Author: Mei-Fei OUYANG ¹ ; Dan WANG ; Ying-Ting LIU ; Lin-Yong XU ; Ming-Yi ZHAO ; Xiao-Cheng YIN ; Min XIE ; Liang-Chun YANG ; Ming-Hua YANG
Author Information

1. Department of Pediatrics, Xiangya Hospital, Central South University, Changsha 410008, China. yamahua123@163.com.
Publication Type:Journal Article
MeSH: Calgranulin A; metabolism; Child; Disease-Free Survival; Humans; Precursor Cell Lymphoblastic Leukemia-Lymphoma; Prognosis; Retrospective Studies
From: Chinese Journal of Contemporary Pediatrics 2019;21(4):359-364
CountryChina
Language:Chinese
Abstract: OBJECTIVE:To study the association between S100A8 expression and prognosis in children with acute lymphoblastic leukemia (ALL).
METHODS:The clinical data of 377 children with ALL who were treated with the CCLG-2008-ALL regimen were retrospectively reviewed. ELISA and PCR were used to measure serum protein levels and mRNA expression of S100A8. The Kaplan-Meier method was used for survival analysis and a Cox regression analysis was also performed.
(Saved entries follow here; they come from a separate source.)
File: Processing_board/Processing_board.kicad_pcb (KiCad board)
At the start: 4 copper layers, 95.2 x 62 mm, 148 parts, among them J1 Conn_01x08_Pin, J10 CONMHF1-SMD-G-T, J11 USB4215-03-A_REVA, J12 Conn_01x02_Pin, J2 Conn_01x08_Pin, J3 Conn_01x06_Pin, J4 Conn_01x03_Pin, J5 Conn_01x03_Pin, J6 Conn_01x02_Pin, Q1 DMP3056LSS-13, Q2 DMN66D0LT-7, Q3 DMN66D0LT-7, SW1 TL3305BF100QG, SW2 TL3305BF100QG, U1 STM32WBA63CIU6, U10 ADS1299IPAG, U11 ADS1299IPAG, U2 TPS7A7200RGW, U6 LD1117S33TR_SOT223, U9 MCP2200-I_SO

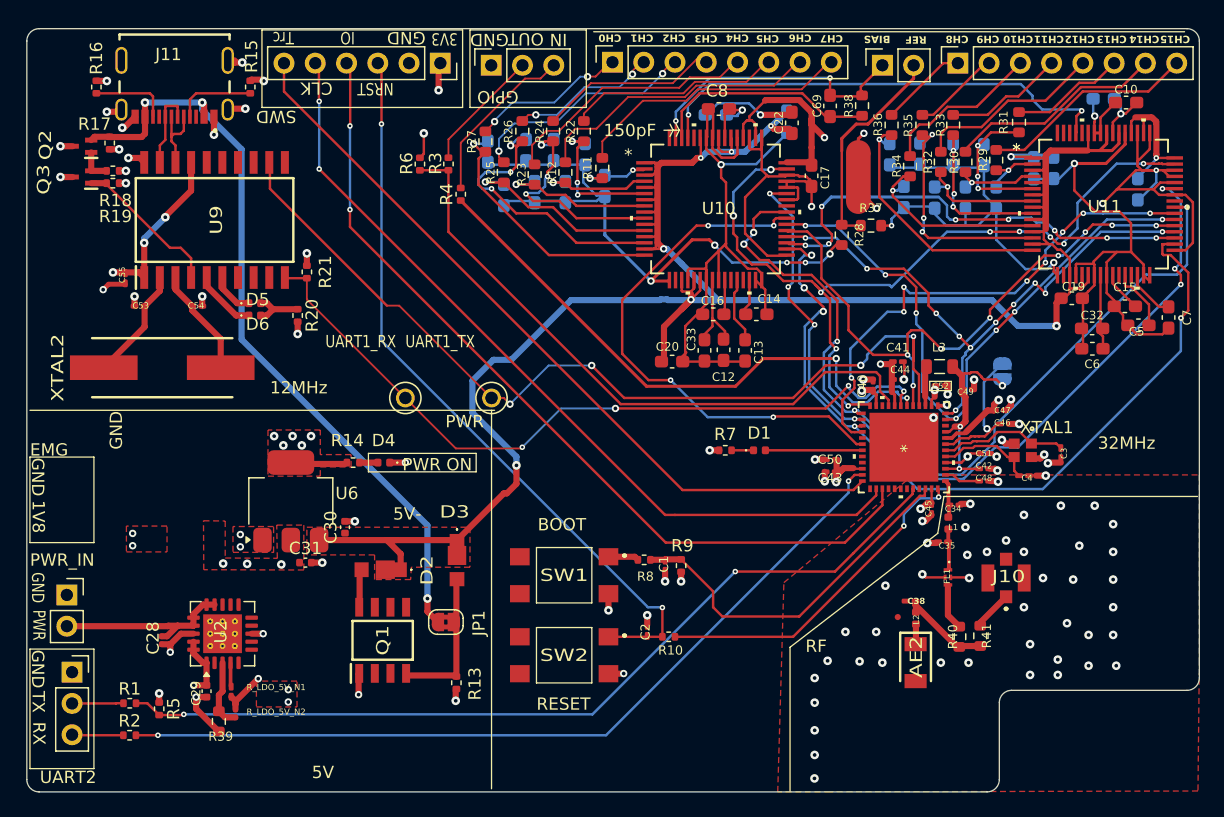
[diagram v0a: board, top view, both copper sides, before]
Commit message: feat: gerber files exported
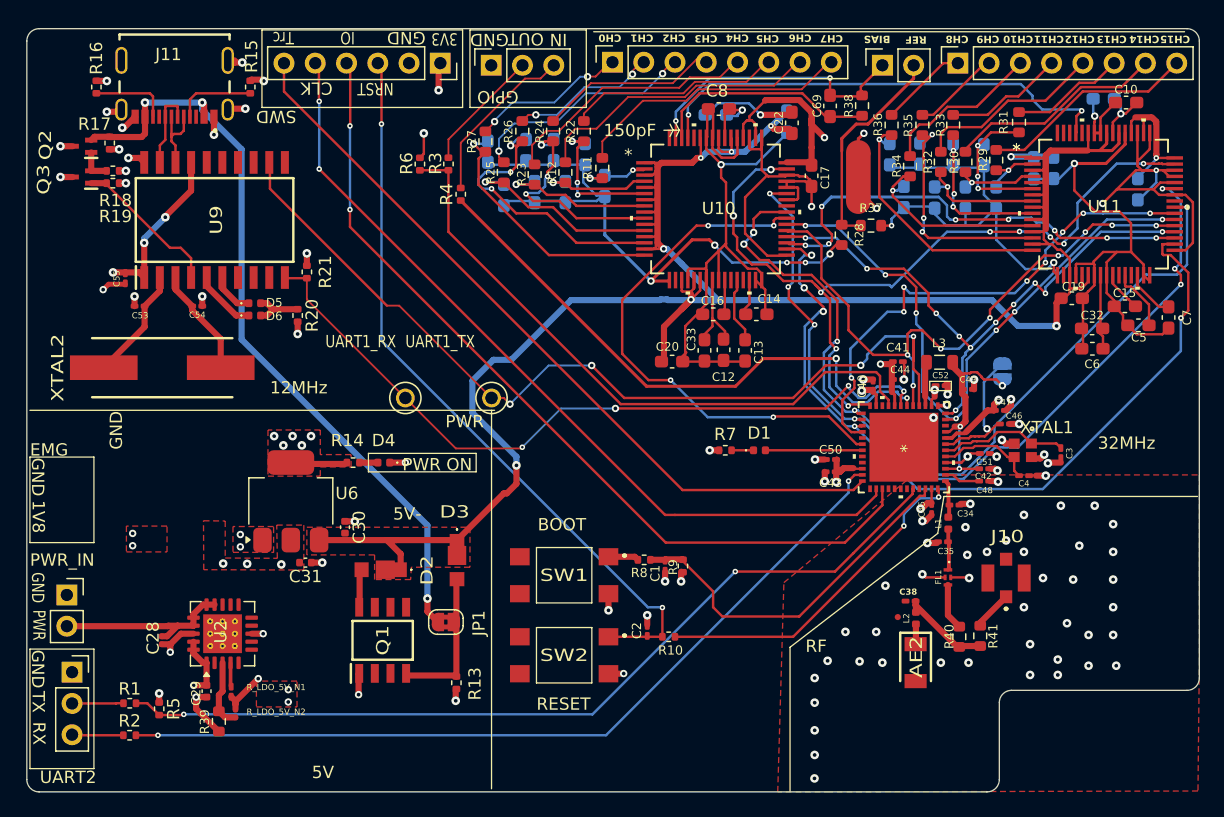
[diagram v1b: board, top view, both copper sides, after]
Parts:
- moved L3 0.35 mm to (152.9, 93.1)
- moved R9 0.15 mm to (132.1, 109.7)
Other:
- board text added: "alexandre"
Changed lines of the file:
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@@
 		(tags "capacitor handsolder")
 		(property "Reference" "C2"
-			(at 0.08 0.15 270)
+			(at -0.02 0.85 270)
 			(layer "F.SilkS")
 			(effects
@@
 		(tags "resistor")
 		(property "Reference" "R8"
-			(at -0.1 -1.35 0)
+			(at 0.4 -1.05 0)
 			(layer "F.SilkS")
 			(effects
@@
 		(tags "capacitor handsolder")
 		(property "Reference" "C35"
-			(at -0.325349 -0.317158 180)
+			(at -0.225349 -0.767158 180)
 			(layer "F.SilkS")
 			(effects
@@
 		(tags "resistor")
 		(property "Reference" "R41"
-			(at 0 -0.5225 90)
+			(at 0.023122 -1.049172 90)
 			(layer "F.SilkS")
 			(effects
@@
 		(tags "inductor")
 		(property "Reference" "L2"
-			(at 0.110842 -0.023503 90)
+			(at 0.010842 0.776497 90)
 			(layer "F.SilkS")
 			(effects
@@
 		(tags "capacitor handsolder")
 		(property "Reference" "C5"
-			(at -0.146267 0.51 0)
+			(at 0.038438 0.985966 0)
 			(layer "F.SilkS")
 			(effects
@@
 		(tags "capacitor handsolder")
 		(property "Reference" "C43"
-			(at 0.050466 -0.5 180)
+			(at 0.000466 -0.9 180)
 			(layer "F.SilkS")
 			(effects
 				(font
-					(size 0.75 0.75)
+					(size 0.7 0.7)
 					(thickness 0.15)
 				)
@@
 		(tags "capacitor handsolder")
 		(property "Reference" "C34"
-			(at -0.105 0.302 0)
+			(at 0.895 0.702 0)
 			(layer "F.SilkS")
 			(effects
@@
 		(tags "capacitor handsolder")
 		(property "Reference" "C4"
-			(at -0.24 -0.19 180)
+			(at 0.01 -0.64 180)
 			(layer "F.SilkS")
 			(effects
@@
 		(tags "capacitor handsolder")
 		(property "Reference" "C15"
-			(at 0 -1.55 0)
+			(at -0.028168 -1.074957 0)
 			(layer "F.SilkS")
 			(effects
@@
 		(tags "capacitor handsolder")
 		(property "Reference" "C45"
-			(at -0.02 0.25 90)
+			(at 0.03 0.8 270)
 			(layer "F.SilkS")
 			(effects
@@
 		(tags "Filter")
 		(property "Reference" "FL1"
-			(at -0.075842 0.074651 90)
+			(at -0.025842 0.774651 90)
 			(layer "F.SilkS")
 			(effects
@@
 		(tags "capacitor handsolder")
 		(property "Reference" "C38"
-			(at -0.4575 0 180)
+			(at 0.1925 0.75 180)
 			(layer "F.SilkS")
 			(effects
@@
 		(tags "capacitor handsolder")
 		(property "Reference" "C46"
-			(at 0.21 0.11 180)
+			(at -0.74 0.66 180)
 			(layer "F.SilkS")
 			(effects
@@
 		(tags "resistor")
 		(property "Reference" "R39"
-			(at 1.225 -0.15 180)
+			(at 0.025 1.15 270)
 			(layer "F.SilkS")
 			(effects
@@
 		(tags "capacitor handsolder")
 		(property "Reference" "C50"
-			(at -0.070466 0 0)
+			(at -0.020466 -0.8 0)
 			(layer "F.SilkS")
 			(effects
 				(font
-					(size 0.75 0.75)
+					(size 0.7 0.7)
 					(thickness 0.15)
 				)
@@
 	(footprint "Resistor_SMD:R_0402_1005Metric"
 		(layer "F.Cu")
-		(at 131.9 109.62 90)
+		(at 132.05 109.65 90)
 		(descr "Resistor SMD 0402 (1005 Metric), square (rectangular) end terminal, IPC_7351 nominal, (Body size source: IPC-SM-782 page 72, https://www.pcb-3d.com/wordpress/wp-content/uploads/ipc-sm-782a_amendment_1_and_2.pdf), generated with kicad-footprint-generator")
 		(tags "resistor")
 		(property "Reference" "R9"
-			(at 1.62 0.1 180)
+			(at -0.1 -0.8 270)
 			(layer "F.SilkS")
 			(effects
 				(font
-					(size 1 1)
+					(size 0.7 0.7)
 					(thickness 0.153)
 				)
@@
 		(tags "Integrated Circuit")
 		(property "Reference" "J10"
-			(at -0.200349 0.125842 0)
+			(at -0.100349 3.375842 0)
 			(layer "F.SilkS")
 			(effects
@@
 		(tags "capacitor handsolder")
 		(property "Reference" "C1"
-			(at 0.125 -0.1 90)
+			(at -0.625 -0.8 90)
 			(layer "F.SilkS")
 			(effects
@@
 	(footprint "Inductor_SMD:L_0805_2012Metric"
 		(layer "F.Cu")
-		(at 152.9 93.45 180)
+		(at 152.9 93.1 180)
 		(descr "Inductor SMD 0805 (2012 Metric), square (rectangular) end terminal, IPC_7351 nominal, (Body size source: IPC-SM-782 page 80, https://www.pcb-3d.com/wordpress/wp-content/uploads/ipc-sm-782a_amendment_1_and_2.pdf), generated with kicad-footprint-generator")
 		(tags "inductor")
@@
 		(tags "capacitor handsolder")
 		(property "Reference" "C51"
-			(at 0.07 0.01 180)
+			(at 0.02 -0.69 180)
 			(layer "F.SilkS")
 			(effects
@@
 		(tags "capacitor handsolder")
 		(property "Reference" "C48"
-			(at 0.02 0.25 180)
+			(at -0.03 -0.75 180)
 			(layer "F.SilkS")
 			(effects
@@
 		(tags "capacitor handsolder")
 		(property "Reference" "C47"
-			(at -0.2 0.01 180)
+			(at -0.25 0.66 180)
 			(layer "F.SilkS")
 			(effects
@@
 		(tags "capacitor handsolder")
 		(property "Reference" "C52"
-			(at 0.005 -0.025 180)
+			(at 0.001801 0.83564 180)
 			(layer "F.SilkS")
 			(effects
@@
 		(tags "capacitor")
 		(property "Reference" "C31"
-			(at 0 -1.16 0)
+			(at 0 1.125 0)
 			(layer "F.SilkS")
 			(effects
@@
 		(tags "inductor")
 		(property "Reference" "L1"
-			(at 0.332158 -0.395349 180)
+			(at 0.032158 0.804651 270)
 			(layer "F.SilkS")
 			(effects
@@
 		(tags "capacitor")
 		(property "Reference" "C30"
-			(at 0 -1.16 90)
+			(at 0 1.155 90)
 			(layer "F.SilkS")
 			(effects
@@
 		(tags "capacitor handsolder")
 		(property "Reference" "C42"
-			(at 0.02 0.25 180)
+			(at 0.07 -0.6 180)
 			(layer "F.SilkS")
 			(effects
@@
 		(tags "LED")
 		(property "Reference" "D5"
-			(at 0.235 -0.3 0)
+			(at 1.585 -0.05 0)
 			(layer "F.SilkS")
 			(effects
 				(font
-					(size 1 1)
+					(size 0.7 0.7)
 					(thickness 0.153)
 				)
@@
 		(tags "LED")
 		(property "Reference" "D6"
-			(at 0.235 0.7 0)
+			(at 1.585 0.05 0)
 			(layer "F.SilkS")
 			(effects
 				(font
-					(size 1 1)
+					(size 0.7 0.7)
 					(thickness 0.153)
 				)
@@
 		(tags "resistor")
 		(property "Reference" "R40"
-			(at 0 0.5225 90)
+			(at -0.018269 0.813385 90)
 			(layer "F.SilkS")
 			(effects
@@
 		(tags "capacitor handsolder")
 		(property "Reference" "C54"
-			(at 0.0925 0.04 180)
+			(at -0.0075 -0.71 180)
 			(layer "F.SilkS")
 			(effects
@@
 		(tags "capacitor handsolder")
 		(property "Reference" "C53"
-			(at 0.0925 -0.04 0)
+			(at 0.0425 0.76 0)
 			(layer "F.SilkS")
 			(effects
@@
 		(tags "capacitor handsolder")
 		(property "Reference" "C55"
-			(at -0.28 0.25 270)
+			(at 0.02 0.7 270)
 			(layer "F.SilkS")
 			(effects
@@
 		(tags "capacitor handsolder")
 		(property "Reference" "C3"
-			(at 0.025 -0.25 270)
+			(at 0.025 -0.7 270)
 			(layer "F.SilkS")
 			(effects
@@
 		(tags "capacitor handsolder")
 		(property "Reference" "C49"
-			(at 0.2 -0.2 180)
+			(at 0 0.8 180)
 			(layer "F.SilkS")
 			(effects
@@
 		)
 	)
+	(gr_text "alexandre"
+		(at 157.9 98.15 90)
+		(layer "B.SilkS")
+		(effects
+			(font
+				(size 1 1)
+				(thickness 0.153)
+			)
+			(justify left bottom mirror)
+		)
+	)
 	(gr_text "marta"
 		(at 161.25 98.15 90)
@@
 	)
 	(segment
-		(start 151.701315 103.951)
-		(end 151.299 103.951)
+		(start 134.5 113)
+		(end 134.5 111.71)
 		(width 0.2)
 		(layer "F.Cu")
@@
 	)
 	(segment
-		(start 134.5 113)
-		(end 134.5 111.71)
-		(width 0.2)
+		(start 132.05 109.14)
+		(end 132.02 109.11)
+		(width 0.5)
 		(layer "F.Cu")
 		(net 3)
 	)
 	(segment
-		(start 151.701315 103.424126)
-		(end 151.701315 103.951)
-		(width 0.2)
+		(start 130.6 109.145)
+		(end 129.415 109.145)
+		(width 0.5)
 		(layer "F.Cu")
 		(net 3)
 	)
 	(segment
-		(start 134.5 111.71)
-		(end 131.9 109.11)
+		(start 151.299 103.951)
+		(end 141.5 113.75)
 		(width 0.2)
 		(layer "F.Cu")
@@
 	)
 	(segment
-		(start 130.6 109.145)
-		(end 129.415 109.145)
+		(start 132.02 109.11)
+		(end 130.635 109.11)
 		(width 0.5)
 		(layer "F.Cu")
@@
 	)
 	(segment
-		(start 151.299 103.951)
-		(end 141.5 113.75)
+		(start 141.5 113.75)
+		(end 135.25 113.75)
 		(width 0.2)
 		(layer "F.Cu")
@@
 	)
 	(segment
-		(start 131.9 109.11)
-		(end 130.635 109.11)
+		(start 129.415 109.145)
+		(end 129.41 109.15)
 		(width 0.5)
 		(layer "F.Cu")
@@
 	)
 	(segment
-		(start 141.5 113.75)
-		(end 135.25 113.75)
+		(start 132.05 109.26)
+		(end 132.05 109.14)
+		(width 0.2)
+		(layer "F.Cu")
+		(net 3)
+	)
+	(segment
+		(start 151.701315 103.951)
+		(end 151.299 103.951)
+		(width 0.2)
+		(layer "F.Cu")
+		(net 3)
+	)
+	(segment
+		(start 151.701315 103.424126)
+		(end 151.701315 103.951)
 		(width 0.2)
 		(layer "F.Cu")
@@
 	)
 	(segment
-		(start 129.415 109.145)
-		(end 129.41 109.15)
-		(width 0.5)
+		(start 134.5 111.71)
+		(end 132.05 109.26)
+		(width 0.2)
 		(layer "F.Cu")
 		(net 3)
@@
 	)
 	(segment
-		(start 153.9625 93.45)
-		(end 154.72 94.2075)
-		(width 0.5)
-		(layer "F.Cu")
-		(net 10)
-	)
-	(segment
 		(start 156.97 98.72)
 		(end 157.58 98.11)
@@
 	)
 	(segment
+		(start 153.9625 93.1)
+		(end 153.9625 93.45)
+		(width 0.5)
+		(layer "F.Cu")
+		(net 10)
+	)
+	(segment
 		(start 154.281563 99.504973)
 		(end 154.281563 99.504972)
@@
 	)
 	(segment
+		(start 153.9625 93.45)
+		(end 154.72 94.2075)
+		(width 0.5)
+		(layer "F.Cu")
+		(net 10)
+	)
+	(segment
 		(start 155.360057 94)
 		(end 154.9275 94)
@@
 		(width 0.5)
 		(layer "F.Cu")
+		(net 27)
+	)
+	(segment
+		(start 151.8375 93.1)
+		(end 151.8375 93.45)
+		(width 0.5)
+		(layer "F.Cu")

RESULTS:The children were followed up for 56 months, and the overall survival rate of the 377 children was 89.1%. The prednisone good response group had significantly lower S100A8 protein and mRNA levels than the prednisone poor response group (P<0.01). In the children with standard or median risk, both S100A8 protein and mRNA levels were associated with event-free survival rate (P<0.05). There were significant differences in S100A8 protein and mRNA levels between the children with different risk stratifications (P<0.01). The children who experienced events had significantly higher S100A8 protein and mRNA levels than those who did not (P<0.01). The Kaplan-Meier survival analysis and the Cox regression model suggested that S100A8 overexpression was an independent risk factor for the prognosis of children with ALL.
CONCLUSIONS:High S100A8 expression may be associated with the poor prognosis of children with ALL and is promising as a new marker for individualized precise treatment of children with ALL.